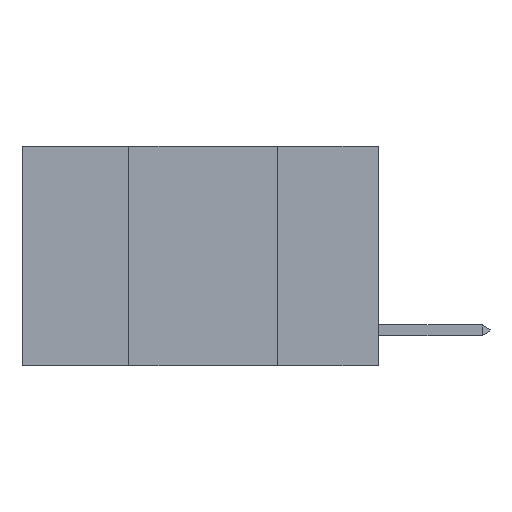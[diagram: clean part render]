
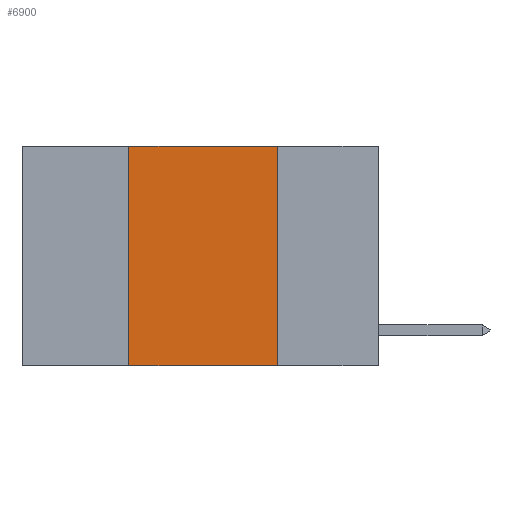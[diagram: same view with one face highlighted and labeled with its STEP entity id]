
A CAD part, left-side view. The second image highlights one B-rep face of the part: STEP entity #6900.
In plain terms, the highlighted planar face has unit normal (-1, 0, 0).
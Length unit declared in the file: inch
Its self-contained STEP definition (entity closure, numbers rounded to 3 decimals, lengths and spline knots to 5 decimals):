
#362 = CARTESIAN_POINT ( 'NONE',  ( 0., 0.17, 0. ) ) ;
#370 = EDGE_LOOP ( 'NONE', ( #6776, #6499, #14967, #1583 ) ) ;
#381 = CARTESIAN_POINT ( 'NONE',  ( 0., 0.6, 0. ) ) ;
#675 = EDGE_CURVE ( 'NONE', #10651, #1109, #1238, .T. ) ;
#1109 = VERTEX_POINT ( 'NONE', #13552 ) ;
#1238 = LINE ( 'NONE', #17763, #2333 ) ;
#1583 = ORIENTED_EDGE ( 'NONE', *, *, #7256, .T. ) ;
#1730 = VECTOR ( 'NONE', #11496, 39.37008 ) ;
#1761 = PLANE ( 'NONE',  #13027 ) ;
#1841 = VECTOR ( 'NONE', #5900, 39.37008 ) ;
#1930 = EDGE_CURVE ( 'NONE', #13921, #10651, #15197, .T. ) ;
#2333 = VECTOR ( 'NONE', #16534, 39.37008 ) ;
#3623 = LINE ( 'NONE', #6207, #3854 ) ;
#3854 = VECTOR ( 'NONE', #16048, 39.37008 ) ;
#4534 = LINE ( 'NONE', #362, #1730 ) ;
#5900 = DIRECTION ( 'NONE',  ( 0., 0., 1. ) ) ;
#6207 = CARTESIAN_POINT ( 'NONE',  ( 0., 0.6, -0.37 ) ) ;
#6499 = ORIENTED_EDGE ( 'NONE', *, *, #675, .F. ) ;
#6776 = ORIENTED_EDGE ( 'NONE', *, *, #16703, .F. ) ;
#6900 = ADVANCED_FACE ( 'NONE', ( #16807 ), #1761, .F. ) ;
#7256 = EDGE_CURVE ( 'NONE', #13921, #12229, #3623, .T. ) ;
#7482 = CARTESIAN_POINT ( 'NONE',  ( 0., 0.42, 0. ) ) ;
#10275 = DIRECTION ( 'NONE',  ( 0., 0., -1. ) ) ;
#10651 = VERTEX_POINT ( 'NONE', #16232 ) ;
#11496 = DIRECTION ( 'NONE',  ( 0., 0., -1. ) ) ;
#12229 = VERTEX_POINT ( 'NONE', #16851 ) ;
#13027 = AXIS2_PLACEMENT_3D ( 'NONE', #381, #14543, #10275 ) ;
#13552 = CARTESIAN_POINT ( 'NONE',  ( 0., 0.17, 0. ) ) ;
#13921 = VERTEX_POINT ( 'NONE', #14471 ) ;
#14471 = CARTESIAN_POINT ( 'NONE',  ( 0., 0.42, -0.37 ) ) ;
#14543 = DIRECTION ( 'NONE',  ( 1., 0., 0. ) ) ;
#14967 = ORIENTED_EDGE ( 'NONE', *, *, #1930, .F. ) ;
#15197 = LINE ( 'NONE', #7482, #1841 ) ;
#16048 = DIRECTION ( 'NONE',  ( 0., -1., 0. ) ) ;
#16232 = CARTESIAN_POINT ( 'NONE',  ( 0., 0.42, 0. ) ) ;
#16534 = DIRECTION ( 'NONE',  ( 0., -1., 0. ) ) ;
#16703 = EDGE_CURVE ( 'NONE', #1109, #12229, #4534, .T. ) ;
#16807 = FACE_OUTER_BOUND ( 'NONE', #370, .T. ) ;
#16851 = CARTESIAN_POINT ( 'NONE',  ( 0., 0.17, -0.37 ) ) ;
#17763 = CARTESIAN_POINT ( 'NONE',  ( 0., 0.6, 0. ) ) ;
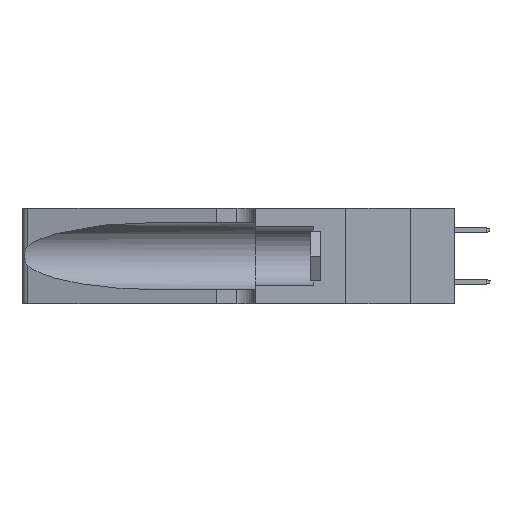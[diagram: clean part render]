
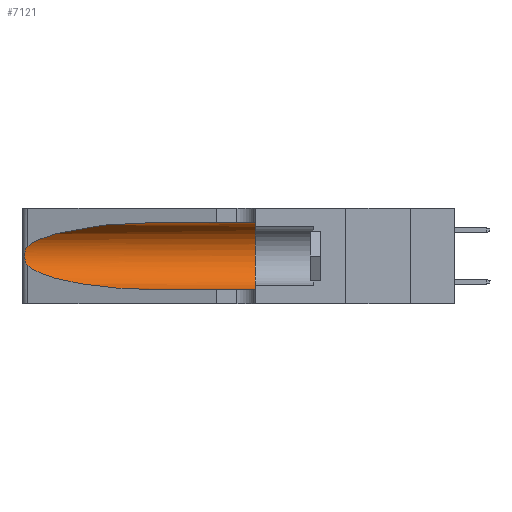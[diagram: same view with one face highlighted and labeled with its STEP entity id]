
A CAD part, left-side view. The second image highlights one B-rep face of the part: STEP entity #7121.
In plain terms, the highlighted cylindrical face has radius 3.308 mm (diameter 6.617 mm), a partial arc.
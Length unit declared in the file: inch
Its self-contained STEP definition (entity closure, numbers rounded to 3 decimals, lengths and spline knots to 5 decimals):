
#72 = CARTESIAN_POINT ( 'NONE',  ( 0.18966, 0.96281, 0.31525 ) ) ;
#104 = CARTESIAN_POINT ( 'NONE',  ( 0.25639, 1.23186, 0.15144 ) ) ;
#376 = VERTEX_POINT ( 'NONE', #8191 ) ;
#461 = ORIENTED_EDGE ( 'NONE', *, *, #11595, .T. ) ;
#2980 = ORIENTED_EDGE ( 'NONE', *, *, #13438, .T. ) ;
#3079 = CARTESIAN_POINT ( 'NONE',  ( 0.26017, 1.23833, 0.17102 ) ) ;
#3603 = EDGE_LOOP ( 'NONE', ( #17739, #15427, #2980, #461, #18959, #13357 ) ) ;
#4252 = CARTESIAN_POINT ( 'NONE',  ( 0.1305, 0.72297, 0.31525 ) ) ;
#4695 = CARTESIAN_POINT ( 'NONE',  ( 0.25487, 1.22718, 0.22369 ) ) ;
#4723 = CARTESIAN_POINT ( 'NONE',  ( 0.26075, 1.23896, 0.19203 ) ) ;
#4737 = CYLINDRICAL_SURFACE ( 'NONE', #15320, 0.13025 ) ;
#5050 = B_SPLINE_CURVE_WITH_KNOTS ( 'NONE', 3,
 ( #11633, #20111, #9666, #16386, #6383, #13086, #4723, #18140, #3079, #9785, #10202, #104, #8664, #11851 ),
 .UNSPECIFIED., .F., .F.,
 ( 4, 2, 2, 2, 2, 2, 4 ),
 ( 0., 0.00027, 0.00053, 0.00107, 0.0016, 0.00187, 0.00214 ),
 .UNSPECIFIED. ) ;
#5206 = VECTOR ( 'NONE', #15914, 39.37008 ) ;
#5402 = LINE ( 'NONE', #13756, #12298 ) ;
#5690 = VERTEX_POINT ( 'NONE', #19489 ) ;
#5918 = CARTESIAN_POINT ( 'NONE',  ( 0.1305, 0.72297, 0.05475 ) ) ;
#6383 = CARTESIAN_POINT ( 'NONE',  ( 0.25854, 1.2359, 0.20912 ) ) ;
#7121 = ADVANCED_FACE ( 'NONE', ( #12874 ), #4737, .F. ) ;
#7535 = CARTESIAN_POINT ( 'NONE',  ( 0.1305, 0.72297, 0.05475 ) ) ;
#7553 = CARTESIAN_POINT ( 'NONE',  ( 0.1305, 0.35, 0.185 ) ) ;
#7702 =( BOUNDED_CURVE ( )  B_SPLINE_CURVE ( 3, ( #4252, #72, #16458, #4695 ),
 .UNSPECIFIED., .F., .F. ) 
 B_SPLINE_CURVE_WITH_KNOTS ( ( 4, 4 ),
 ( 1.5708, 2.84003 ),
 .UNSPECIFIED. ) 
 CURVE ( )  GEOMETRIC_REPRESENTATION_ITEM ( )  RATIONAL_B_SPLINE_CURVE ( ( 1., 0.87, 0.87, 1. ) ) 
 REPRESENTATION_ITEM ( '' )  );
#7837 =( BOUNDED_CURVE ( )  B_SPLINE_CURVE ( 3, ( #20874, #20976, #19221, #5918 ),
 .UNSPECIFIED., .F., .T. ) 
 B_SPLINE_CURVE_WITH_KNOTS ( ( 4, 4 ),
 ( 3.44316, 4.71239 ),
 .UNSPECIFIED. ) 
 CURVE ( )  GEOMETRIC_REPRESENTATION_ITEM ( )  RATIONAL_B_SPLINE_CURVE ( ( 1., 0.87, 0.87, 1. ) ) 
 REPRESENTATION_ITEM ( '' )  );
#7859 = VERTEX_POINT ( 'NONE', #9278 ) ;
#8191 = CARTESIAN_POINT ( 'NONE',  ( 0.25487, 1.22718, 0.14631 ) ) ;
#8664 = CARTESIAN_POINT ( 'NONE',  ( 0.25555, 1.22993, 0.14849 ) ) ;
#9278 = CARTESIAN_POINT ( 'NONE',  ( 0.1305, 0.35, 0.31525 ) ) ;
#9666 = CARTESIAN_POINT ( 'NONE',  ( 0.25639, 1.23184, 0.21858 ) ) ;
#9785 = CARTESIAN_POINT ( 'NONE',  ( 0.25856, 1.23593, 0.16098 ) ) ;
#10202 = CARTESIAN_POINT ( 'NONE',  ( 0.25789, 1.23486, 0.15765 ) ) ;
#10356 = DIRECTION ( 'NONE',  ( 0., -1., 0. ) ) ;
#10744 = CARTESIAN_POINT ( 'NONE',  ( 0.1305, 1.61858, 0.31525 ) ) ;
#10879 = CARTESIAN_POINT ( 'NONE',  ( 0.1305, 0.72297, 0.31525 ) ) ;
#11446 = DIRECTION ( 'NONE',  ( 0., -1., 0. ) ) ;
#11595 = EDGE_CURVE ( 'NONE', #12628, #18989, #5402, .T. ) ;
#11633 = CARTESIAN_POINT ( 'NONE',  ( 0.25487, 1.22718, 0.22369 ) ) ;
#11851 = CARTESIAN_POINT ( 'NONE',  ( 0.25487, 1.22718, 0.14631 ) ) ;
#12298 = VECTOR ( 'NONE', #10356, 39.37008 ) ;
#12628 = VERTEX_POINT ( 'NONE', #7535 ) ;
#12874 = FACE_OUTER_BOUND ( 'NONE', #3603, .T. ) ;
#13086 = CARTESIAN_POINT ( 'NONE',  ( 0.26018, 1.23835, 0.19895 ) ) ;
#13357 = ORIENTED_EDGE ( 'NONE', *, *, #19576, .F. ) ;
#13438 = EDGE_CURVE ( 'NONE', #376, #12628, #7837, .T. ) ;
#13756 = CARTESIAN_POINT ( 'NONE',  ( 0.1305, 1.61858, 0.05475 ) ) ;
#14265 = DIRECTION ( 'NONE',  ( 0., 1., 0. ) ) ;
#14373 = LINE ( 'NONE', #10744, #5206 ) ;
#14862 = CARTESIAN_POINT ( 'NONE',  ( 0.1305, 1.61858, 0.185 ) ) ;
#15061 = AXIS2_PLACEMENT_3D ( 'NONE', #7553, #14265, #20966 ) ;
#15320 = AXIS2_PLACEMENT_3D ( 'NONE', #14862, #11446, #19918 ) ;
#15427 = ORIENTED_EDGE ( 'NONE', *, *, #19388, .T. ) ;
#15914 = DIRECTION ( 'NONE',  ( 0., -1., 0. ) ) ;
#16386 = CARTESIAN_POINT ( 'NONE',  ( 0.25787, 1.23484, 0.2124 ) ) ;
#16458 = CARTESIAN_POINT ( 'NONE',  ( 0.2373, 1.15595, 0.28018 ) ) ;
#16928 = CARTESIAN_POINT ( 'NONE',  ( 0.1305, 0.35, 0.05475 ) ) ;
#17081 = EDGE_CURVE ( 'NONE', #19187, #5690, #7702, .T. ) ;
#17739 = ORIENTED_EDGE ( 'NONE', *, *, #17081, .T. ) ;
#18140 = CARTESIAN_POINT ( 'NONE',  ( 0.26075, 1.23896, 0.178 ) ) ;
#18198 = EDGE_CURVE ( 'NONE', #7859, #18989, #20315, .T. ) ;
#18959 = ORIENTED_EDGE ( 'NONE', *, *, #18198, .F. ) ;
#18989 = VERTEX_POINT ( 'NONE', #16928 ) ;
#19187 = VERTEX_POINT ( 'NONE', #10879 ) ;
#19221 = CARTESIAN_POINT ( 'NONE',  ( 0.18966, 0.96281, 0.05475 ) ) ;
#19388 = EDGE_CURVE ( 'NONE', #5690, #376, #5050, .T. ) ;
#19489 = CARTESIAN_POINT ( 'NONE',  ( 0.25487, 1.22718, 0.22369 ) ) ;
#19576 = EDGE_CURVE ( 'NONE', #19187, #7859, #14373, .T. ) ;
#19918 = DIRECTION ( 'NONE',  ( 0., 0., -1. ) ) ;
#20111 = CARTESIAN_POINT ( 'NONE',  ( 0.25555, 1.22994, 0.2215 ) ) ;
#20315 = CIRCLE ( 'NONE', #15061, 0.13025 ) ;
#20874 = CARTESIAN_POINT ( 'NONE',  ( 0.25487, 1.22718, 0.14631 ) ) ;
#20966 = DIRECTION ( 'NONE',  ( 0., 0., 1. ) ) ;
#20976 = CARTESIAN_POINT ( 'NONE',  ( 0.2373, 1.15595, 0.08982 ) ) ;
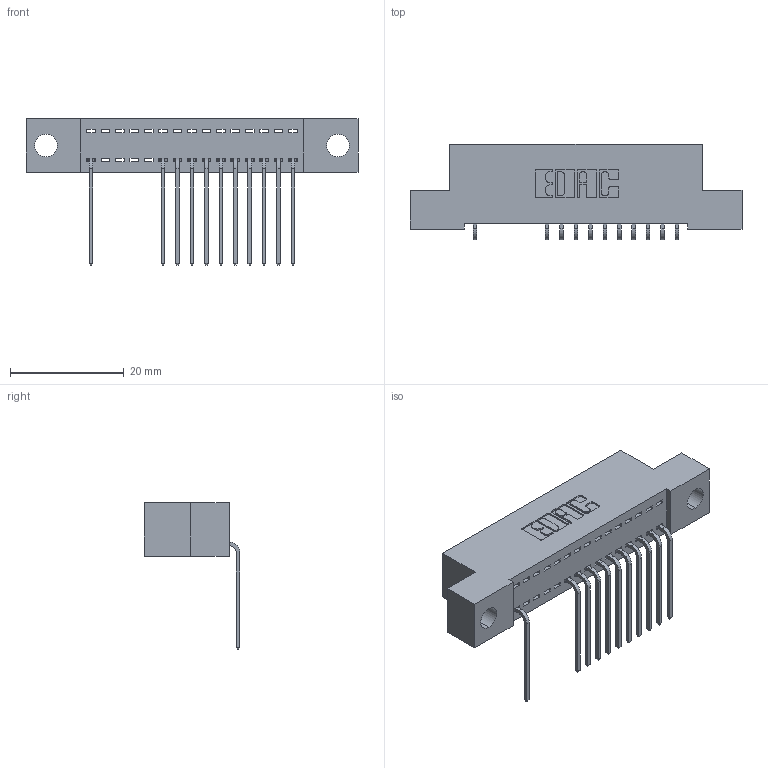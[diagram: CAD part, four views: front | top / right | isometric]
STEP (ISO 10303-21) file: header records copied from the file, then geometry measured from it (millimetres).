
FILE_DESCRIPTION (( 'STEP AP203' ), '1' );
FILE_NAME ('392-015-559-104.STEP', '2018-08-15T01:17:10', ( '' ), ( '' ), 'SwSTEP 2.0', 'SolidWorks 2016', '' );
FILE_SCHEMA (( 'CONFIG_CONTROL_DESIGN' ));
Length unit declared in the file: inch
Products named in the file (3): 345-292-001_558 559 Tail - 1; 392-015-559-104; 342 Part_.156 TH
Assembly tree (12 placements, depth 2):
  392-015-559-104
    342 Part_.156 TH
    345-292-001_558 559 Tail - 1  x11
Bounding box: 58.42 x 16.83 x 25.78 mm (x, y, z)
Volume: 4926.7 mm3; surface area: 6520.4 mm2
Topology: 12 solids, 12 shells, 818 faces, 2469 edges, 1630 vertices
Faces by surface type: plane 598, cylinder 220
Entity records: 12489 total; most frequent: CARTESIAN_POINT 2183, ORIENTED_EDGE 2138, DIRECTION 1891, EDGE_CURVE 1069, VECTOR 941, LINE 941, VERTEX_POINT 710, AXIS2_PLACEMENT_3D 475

**About this exercise**
Every line above in which the word "image" occurs needs to be copied.

**Answer section**
A CAD part, left-side view. The second image highlights one B-rep face of the part: STEP entity #6900.
A CAD part, left-side view. The second image highlights one B-rep face of the part: STEP entity #7121.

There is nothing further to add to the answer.